So you bought your child a house.

My youngest son Nickie has had a hard time getting his life together. I recently gave him $25,000 to make a down payment on a small house because his credit was bad. I told him it would be against his inheritance. I’m leaving my estate equally to all my children and I don’t want to favor one over the other.

 

 

As it happened, I had to buy the house myself since my son’s credit is so bad. Nickie is living there, although I use it as a vacation home. He is making the mortgage payments. I intend to deed it back to him in three years, but what if something happens to me in the meantime? I want to make sure Nickie gets the house, but I don’t want to pay a lawyer to revise my will. Is there any other way it can be done?

 

Cloe

 

Dear Cloe,

 

Do not give Nickie the house now or even three years from now. The mortgage will remain your responsibility whether the house belongs to you or your son, and the lender could call the loan if you transfer the home entirely out of your name.

 

If you give him the house with a quitclaim deed and he fails to pay the mortgage, you will be stuck with the bill and the house will still belong to him. If the lender forecloses against the home if the loan falls into default, your credit will be ruined because your name is on the loan and the deed of trust recorded against the property.

 

A second reason not to give the house to your son is that he has shaky credit. If he has any outstanding creditors, they can put liens on the house as soon as the ink on your quitclaim deed is dry. If your son may go bankrupt, there is no point in giving him an expensive home that could be taken away from him by his creditors.

 

Also, if you own the home upon your death and your son inherits it from you, he will benefit from a “step-up” in cost basis that will allow him to sell the home without paying any capital gains tax. If you give him the house now, this tax break will be lost. It is better for both you and your son to keep the house in your name and leave it to him in your will or trust. When you explain the tax advantages to him, I am sure he will agree.

 

If he isn’t already going to inherit everything upon you death, you need to revise your estate plan to make sure he will inherit the house, but a new will, or an amendment to your revocable trust, will cost less in both money and potential aggravation than the alternatives.

 

As an alternative, instead of updating your estate plan you could add him to the title of the home as a joint tenant so that he can deduct the mortgage interest he pay on “your” loan from his income taxes. You wouldn’t have to update your estate plan. As a joint tenant, if you pass away first, he’ll inherit the entire property outside of probate.


Len & Rosie

The Pitfalls of not Getting Proper Legal Advice

Dear Len & Rosie,

My mother was widowed last July and is names as executor in my father’s will. They owned together a community property account with a brokerage firm, which requires a certified court appointment indicating my mother’s authority to act on behalf of the estate. This plus other documents will split the account into her account and an estate account which can then be transferred back to her account. This seems like a lot of work to simply remove a name on an account.

Sandy

Dear Sandy,

The reason why it’s not so easy to remove your father’s name from the brokerage account lies in the manner in which the account was titled. Assets titled in community property do not automatically pass to the surviving spouse like assets titled in joint tenancy or as “community property with right of survivorship”. Your father’s half of this account belongs to his probate estate and must pass under the terms of his will.

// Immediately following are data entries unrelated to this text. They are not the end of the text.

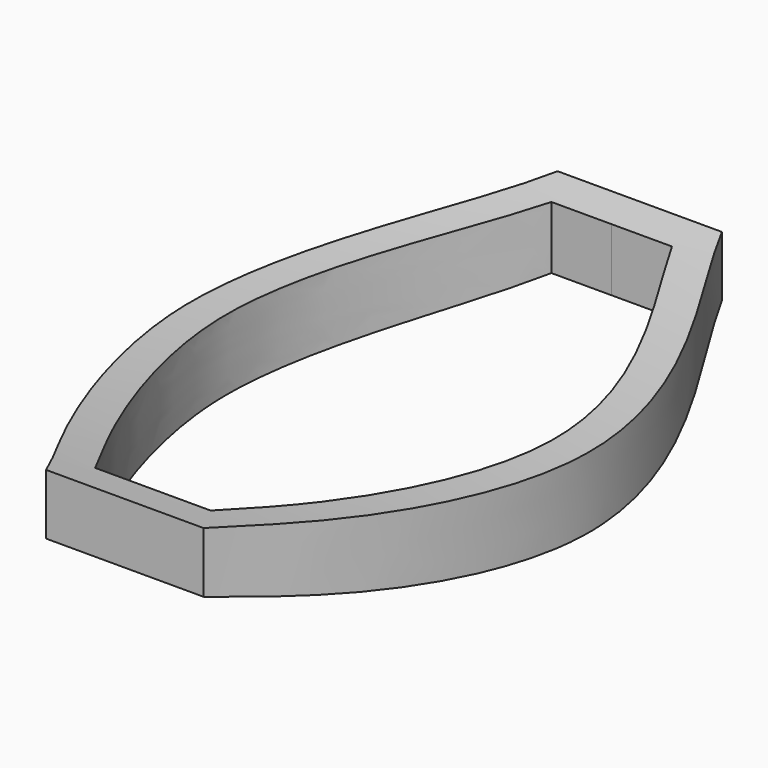
from build123d import *

# Parameters (mm, degrees)
F1_DEPTH = 17.78
F4_START = 50.8
F4_DEPTH = 101.6


# Not quite as in the source:
# - ends of sketch curves that miss each other by under 0.0002 mm in the source are joined
# - the dataset's text gives a spline's control points without its knots; the knots are read off the source's solid


with BuildPart() as f1:
    # F0 (on Top) → F1 (new body)
    with BuildSketch(Plane.XY):
        with BuildLine():
            add(Edge.make_bspline(
                [(-14.2528750466, -58.1654505452), (-16.7148857825, -53.2837046852), (-24.6397666055, -41.5790941252), (-42.0443551665, 0.28539923), (-27.9347681105, 36.4149676999), (-18.0333241185, 51.476303251), (-14.8739422643, 58.3434208904)],
                knots=[0, 0, 0, 0, 0.1974649281, 0.4960845553, 0.7740593431, 1, 1, 1, 1], degree=3))
            Line((-14.2528750466, -58.1654505452), (0, -58.1654505452))
            Line((0, -58.1654505452), (0, -51.8154505452))
            Line((0, -51.8154505452), (-10.4527839192, -51.8154505452))
            add(Edge.make_bspline(
                [(-10.4527839192, -51.8154505452), (-10.728771505, -51.3241731046), (-11.939437541, -49.2032153167), (-13.6932783853, -46.2483150477), (-15.7536448938, -42.6416240641), (-17.0939529837, -40.189108658), (-18.2006251765, -38.0697762193), (-19.3305409812, -35.8348768336), (-20.7684428163, -32.8448146104), (-22.4835161729, -28.9935186051), (-24.688286119, -23.5781743742), (-26.6687214464, -17.8482408642), (-28.2295627767, -12.0251421867), (-28.9921200238, -8.3956407392), (-29.453064017, -5.527756516), (-29.7193606137, -3.4028772539), (-29.9019099727, -1.3096576507), (-29.9960045187, 0.7365518632), (-30.0009841043, 2.7630533504), (-29.8956963568, 5.4471848741), (-29.5639281326, 8.7649348477), (-28.8781885559, 12.6836208634), (-27.6244181361, 17.8143414607), (-25.9293365538, 22.7839852238), (-23.9389531615, 27.5449593825), (-22.3369239237, 30.9996677952), (-20.6654192015, 34.3255629483), (-18.9603824943, 37.518870095), (-17.2379027842, 40.6135304724), (-14.943864558, 44.6477066774), (-12.8096121303, 48.3999683751), (-11.3253177791, 51.1951563129), (-10.9136410124, 51.9933721491)],
                knots=[0.0437399964, 0.0437399964, 0.0437399964, 0.0437399964, 0.0625, 0.125, 0.15625, 0.1875, 0.203125, 0.21875, 0.25, 0.28125, 0.3125, 0.375, 0.40625, 0.4375, 0.453125, 0.46875, 0.484375, 0.5, 0.515625, 0.53125, 0.5625, 0.59375, 0.625, 0.6875, 0.71875, 0.75, 0.78125, 0.8125, 0.84375, 0.875, 0.9375, 0.962256316, 0.962256316, 0.962256316, 0.962256316], degree=3))
            Line((-10.9136410124, 51.9933721491), (0, 51.9934208904))
            Line((0, 51.9934208904), (0, 58.3434208904))
            Line((0, 58.3434208904), (-14.8739422643, 58.3434208904))
        make_face()
    extrude(amount=F1_DEPTH)

    # F2: F1 across plane


with BuildPart() as f1_1:
    add(f1.part)
    add(f1.part.mirror(Plane.YZ))

    # F3 (on Right) → F4 (intersect)
    with BuildSketch(Plane.YZ.offset(F4_START)):
        with BuildLine():
            ThreePointArc((140.51924313, 42.7512294533), (0, 12.8061219354), (-140.51924313, 42.7512294533))
            ThreePointArc((-140.51924313, 42.7512294533), (0, 0), (140.51924313, 42.7512294533))
        make_face()
    extrude(amount=-F4_DEPTH, mode=Mode.INTERSECT)


solid = f1_1.part
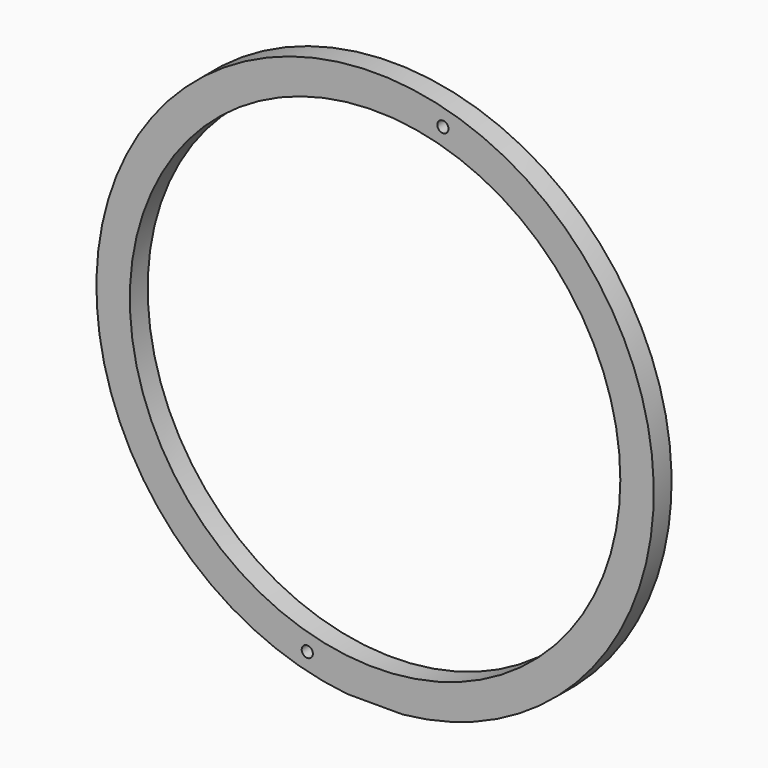
from build123d import *

# Parameters (mm, degrees)
F0_R     = 139.7
F1_DEPTH = 12.7
F6_D     = 6.35
F6_DEPTH = 50.8
F6_TIP   = 1.9077324654


# Not quite as in the source:
# - a pattern or mirror of a feature is missing from the dataset's text; its kind, count and spacing are read off the source's solid


with BuildPart() as f1:
    # F0 (on Front) → F1 (new body)
    with BuildSketch(Plane.XZ):
        with BuildLine():
            ThreePointArc((15.8551438321, -157.95625), (0, 158.75), (-15.8551438321, -157.95625))
            Line((-15.8551438321, -157.95625), (15.8551438321, -157.95625))
        make_face()
        Circle(F0_R, mode=Mode.SUBTRACT)
    extrude(amount=F1_DEPTH)

    # F6
    with Locations(Plane(origin=(0, 0, 0), x_dir=(1, 0, 0), z_dir=(0, 1, 0))):
        with Locations((38.6222720054, -144.140281428)):
            f6 = Hole(F6_D / 2, depth=F6_DEPTH)
            with Locations((0, 0, -(F6_DEPTH + F6_TIP / 2))):  # 118° drill point
                Cone(0, F6_D / 2, F6_TIP, mode=Mode.SUBTRACT)

    # F6_copies: F6 across plane
    add(f6.mirror(Plane(origin=(0, 0, 0), x_dir=(-0.9659258263, 0, 0.2588190451), z_dir=(-0.2588190451, 0, -0.9659258263))), mode=Mode.SUBTRACT)


solid = f1.part
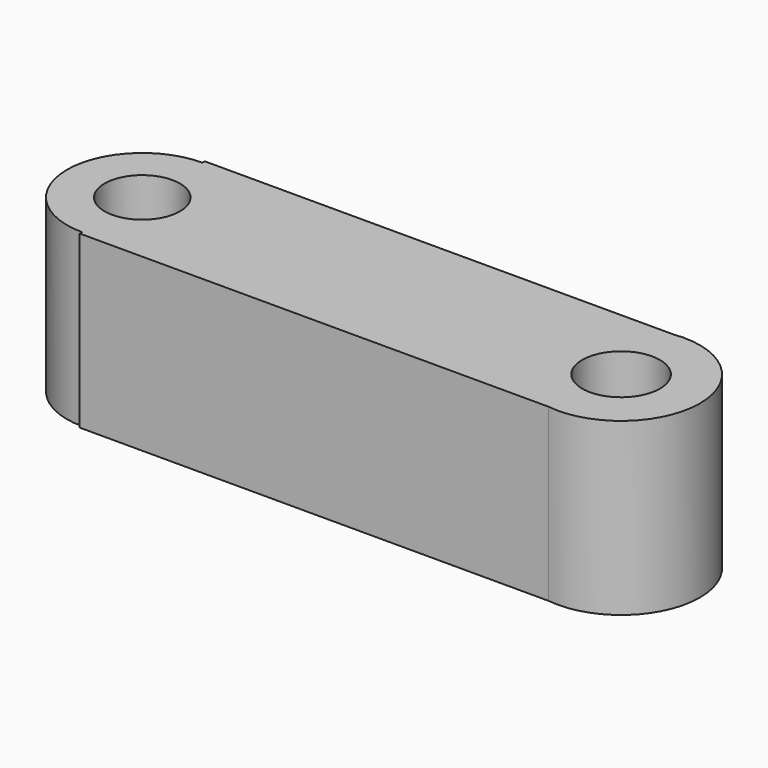
from build123d import *

# Parameters (mm, degrees)
F0_R     = 8.6737376807
F1_DEPTH = 25.4
F0_R_2   = 8.4076501903
F2_DEPTH = 38.1


# Not quite as in the source:
# - a feature names something its author has since deleted; it is built from what else it names


with BuildPart() as f1:
    # F0 (on Top) → F1 (new body)
    with BuildSketch(Plane.XY):
        with BuildLine():
            ThreePointArc((51.0823471633, -17.43234694), (70.9533001066, 0), (51.0823471633, 17.43234694))
            Line((51.0823471633, 17.43234694), (-53.3713176847, 17.43234694))
            Line((-53.3713176847, 17.43234694), (-53.3713176847, 16.7665737877))
            ThreePointArc((-53.3713176847, 16.7665737877), (-41.5155596621, 11.8557580225), (-36.604743897, 0))
            ThreePointArc((-36.604743897, 0), (-41.5155596621, -11.8557580225), (-53.3713176847, -16.7665737877))
            Line((-53.3713176847, -16.7665737877), (-53.3713176847, -17.43234694))
            Line((-53.3713176847, -17.43234694), (51.0823471633, -17.43234694))
        make_face()
        with Locations((53.3713176847, 0)):
            Circle(F0_R, mode=Mode.SUBTRACT)
    extrude(amount=F1_DEPTH)

    # F0 (on Top) → F2 (join)
    with BuildSketch(Plane.XY):
        with BuildLine():
            ThreePointArc((51.0823471633, -17.43234694), (70.9533001066, 0), (51.0823471633, 17.43234694))
            Line((51.0823471633, 17.43234694), (-53.3713176847, 17.43234694))
            Line((-53.3713176847, 17.43234694), (-53.3713176847, 16.7665737877))
            ThreePointArc((-53.3713176847, 16.7665737877), (-41.5155596621, 11.8557580225), (-36.604743897, 0))
            ThreePointArc((-36.604743897, 0), (-41.5155596621, -11.8557580225), (-53.3713176847, -16.7665737877))
            Line((-53.3713176847, -16.7665737877), (-53.3713176847, -17.43234694))
            Line((-53.3713176847, -17.43234694), (51.0823471633, -17.43234694))
        make_face()
        with Locations((53.3713176847, 0)):
            Circle(F0_R, mode=Mode.SUBTRACT)
        with BuildLine():
            ThreePointArc((-36.604743897, 0), (-41.5155596621, 11.8557580225), (-53.3713176847, 16.7665737877))
            ThreePointArc((-53.3713176847, 16.7665737877), (-70.1378914723, 0), (-53.3713176847, -16.7665737877))
            ThreePointArc((-53.3713176847, -16.7665737877), (-41.5155596621, -11.8557580225), (-36.604743897, 0))
        make_face()
        with Locations((-53.3713176847, 0)):
            Circle(F0_R_2, mode=Mode.SUBTRACT)
    extrude(amount=F2_DEPTH)


solid = f1.part
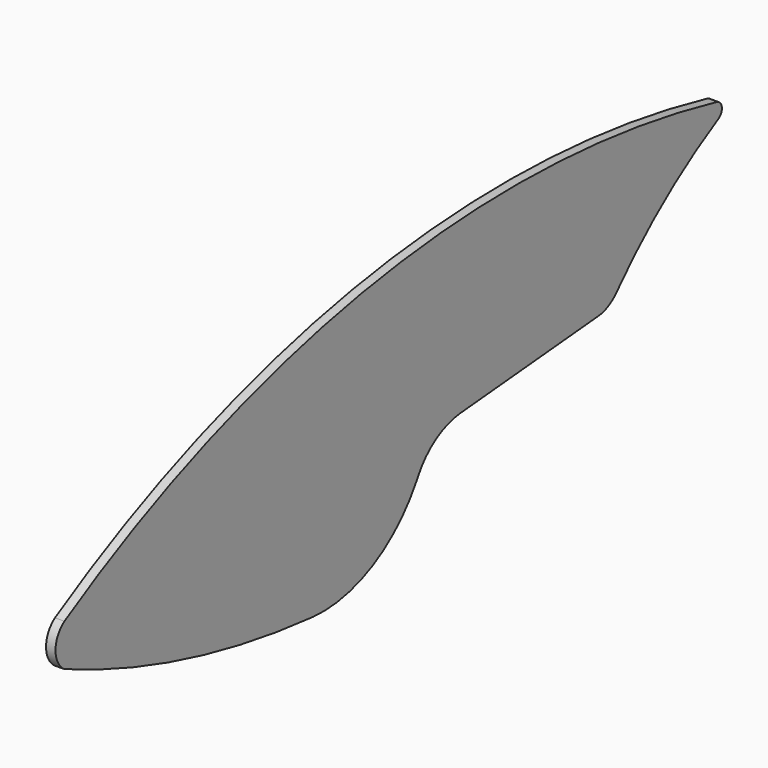
from build123d import *

# Parameters (mm, degrees)
F1_DEPTH = 3.175


# Not quite as in the source:
# - ends of sketch curves that miss each other by under 0.0002 mm in the source are joined


with BuildPart() as f1:
    # F0 (on Right) → F1 (new body)
    with BuildSketch(Plane.YZ):
        with BuildLine():
            ThreePointArc((95.7616986955, -2.4384445977), (115.8206686741, 16.458433146), (138.7853580017, 31.6925169435))
            ThreePointArc((138.7853580017, 31.6925169435), (140.2492541442, 34.5947643313), (138.0609974389, 36.9984236581))
            ThreePointArc((138.0609974389, 36.9984236581), (-3.331363766, 42.4083585784), (-136.5310363288, -5.3296204889))
            ThreePointArc((-136.5310363288, -5.3296204889), (-140.275599037, -12.4275830619), (-136.5310425411, -19.5255553241))
            ThreePointArc((-136.5310425411, -19.5255553241), (-85.3689517348, -37.3376085714), (-31.987598638, -46.5712291765))
            ThreePointArc((-31.987598638, -46.5712291765), (-6.7583016255, -41.5949042645), (11.8270849627, -23.8223232356))
            Line((11.8270849627, -23.8223232356), (12.4481411913, -22.7466161766))
            ThreePointArc((12.4481411913, -22.7466161766), (19.971713381, -14.8813600309), (30.2742956681, -11.3709138521))
            Line((30.2742956681, -11.3709138521), (88.2365367651, -6.2104608931))
            ThreePointArc((88.2365367651, -6.2104608931), (92.3577760693, -5.0399785829), (95.7616986955, -2.4384445977))
        make_face()
    extrude(amount=F1_DEPTH)


solid = f1.part
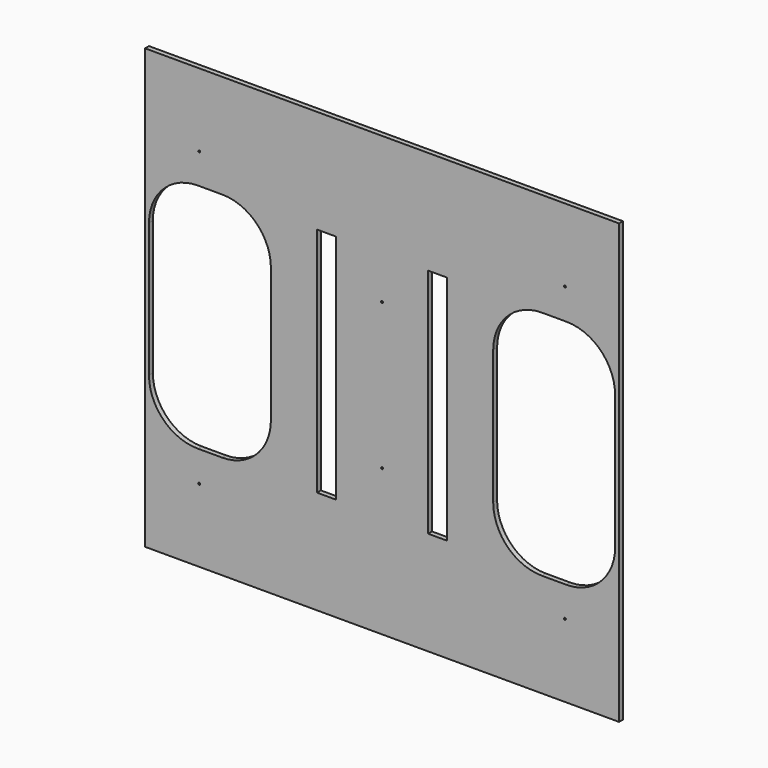
from build123d import *

# Parameters (mm, degrees)
F0_W     = 493.776
F0_H     = 457.2
F0_W_2   = 19.812
F0_H_2   = 241.3
F1_DEPTH = 5.08
F2_R     = 1.016
F3_DEPTH = 5.081
F5_DEPTH = 5.081
F6_DEPTH = 5.08


# Not quite as in the source:
# - a feature names something its author has since deleted; it is built from what else it names


with BuildPart() as f1:
    # F0 (on Front) → F1 (new body)
    with BuildSketch(Plane.XZ):
        with Locations((246.888, 228.6)):
            Rectangle(F0_W, F0_H)
        with Locations((188.9506, 228.6)):
            Rectangle(F0_W_2, F0_H_2, mode=Mode.SUBTRACT)
        with Locations((304.8254, 228.6)):
            Rectangle(F0_W_2, F0_H_2, mode=Mode.SUBTRACT)
    extrude(amount=F1_DEPTH)

    # F2 (on face) → F3 (cut, through all)
    with BuildSketch(Plane.XZ.offset(5.08)):
        with Locations((56.388, 381)):
            Circle(F2_R)
        with Locations((56.388, 76.2)):
            Circle(F2_R)
        with Locations((437.388, 76.2)):
            Circle(F2_R)
        with Locations((437.388, 381)):
            Circle(F2_R)
    extrude(amount=-F3_DEPTH, mode=Mode.SUBTRACT)

    # F4 (on face) → F5 (cut, through all)
    with BuildSketch(Plane.XZ.offset(5.08)):
        with BuildLine():
            Line((80.2894, 349.25), (54.8894, 349.25))
            ThreePointArc((54.8894, 349.25), (18.9683755157, 334.3710244843), (4.0894, 298.45))
            Line((4.0894, 298.45), (4.0894, 158.75))
            ThreePointArc((4.0894, 158.75), (18.9683755157, 122.8289755157), (54.8894, 107.95))
            Line((54.8894, 107.95), (80.2894, 107.95))
            ThreePointArc((80.2894, 107.95), (116.2104244843, 122.8289755157), (131.0894, 158.75))
            Line((131.0894, 158.75), (131.0894, 298.45))
            ThreePointArc((131.0894, 298.45), (116.2104244843, 334.3710244843), (80.2894, 349.25))
        make_face()
        with BuildLine():
            Line((438.8866, 349.25), (413.4866, 349.25))
            ThreePointArc((413.4866, 349.25), (377.5655755157, 334.3710244843), (362.6866, 298.45))
            Line((362.6866, 298.45), (362.6866, 158.75))
            ThreePointArc((362.6866, 158.75), (377.5655755157, 122.8289755157), (413.4866, 107.95))
            Line((413.4866, 107.95), (438.8866, 107.95))
            ThreePointArc((438.8866, 107.95), (474.8076244843, 122.8289755157), (489.6866, 158.75))
            Line((489.6866, 158.75), (489.6866, 298.45))
            ThreePointArc((489.6866, 298.45), (474.8076244843, 334.3710244843), (438.8866, 349.25))
        make_face()
    extrude(amount=-F5_DEPTH, mode=Mode.SUBTRACT)

    # F2 (on face) → F6 (cut, through all)
    with BuildSketch(Plane.XZ.offset(5.08)):
        with Locations((246.888, 304.8)):
            Circle(F2_R)
        with Locations((246.888, 152.4)):
            Circle(F2_R)
    extrude(amount=-F6_DEPTH, mode=Mode.SUBTRACT)


solid = f1.part

There are three means of getting your father’s name off of the account. If your father’s estate is worth less than $150,000, then your mother, assuming he left everything to her, can collect the account with a small estate declaration under California Probate Code section 13101. Assets in joint tenancy or with pay on death beneficiaries or in a trust don’t count against the $150,000.  Nor do vehicles registered with the DMV.

If your father’s estate is worth more than $150,000 and he left everything to your mother in his will, then your mother can petition the court for a Spousal Property Order. This will require a court petition and a hearing, but a spousal property order is easier, cheaper, and faster than going through probate. She could get the account in her name as quickly as a month after her first visit to the lawyer.

If your father’s will left his estate to someone other than your mother, and the estate is worth more than $100,000, then your mother, as the executor named in the will, should petition the court to probate her husband’s estate. She will have access to the money once she is appointed as executor and is granted “Letters Testamentary” by the judge, but she won’t be able to distribute the account to your father’s heirs until probate is closed, which takes on average 9-15 months after the probate petition to administer the estate is filed with the court.

Your parents could have avoided the difficulties your mother is having today by getting the proper legal advice. They could have created a revocable trust that would avoid having to go to court on the second death as well as the first, or they could have simply titled their accounts as joint tenants or as community property with right of survivorship. When your mother meets with a trusts and estates attorney to take care of her husband’s estate, she should also take the time to create an estate plan to save her children time and money after her death.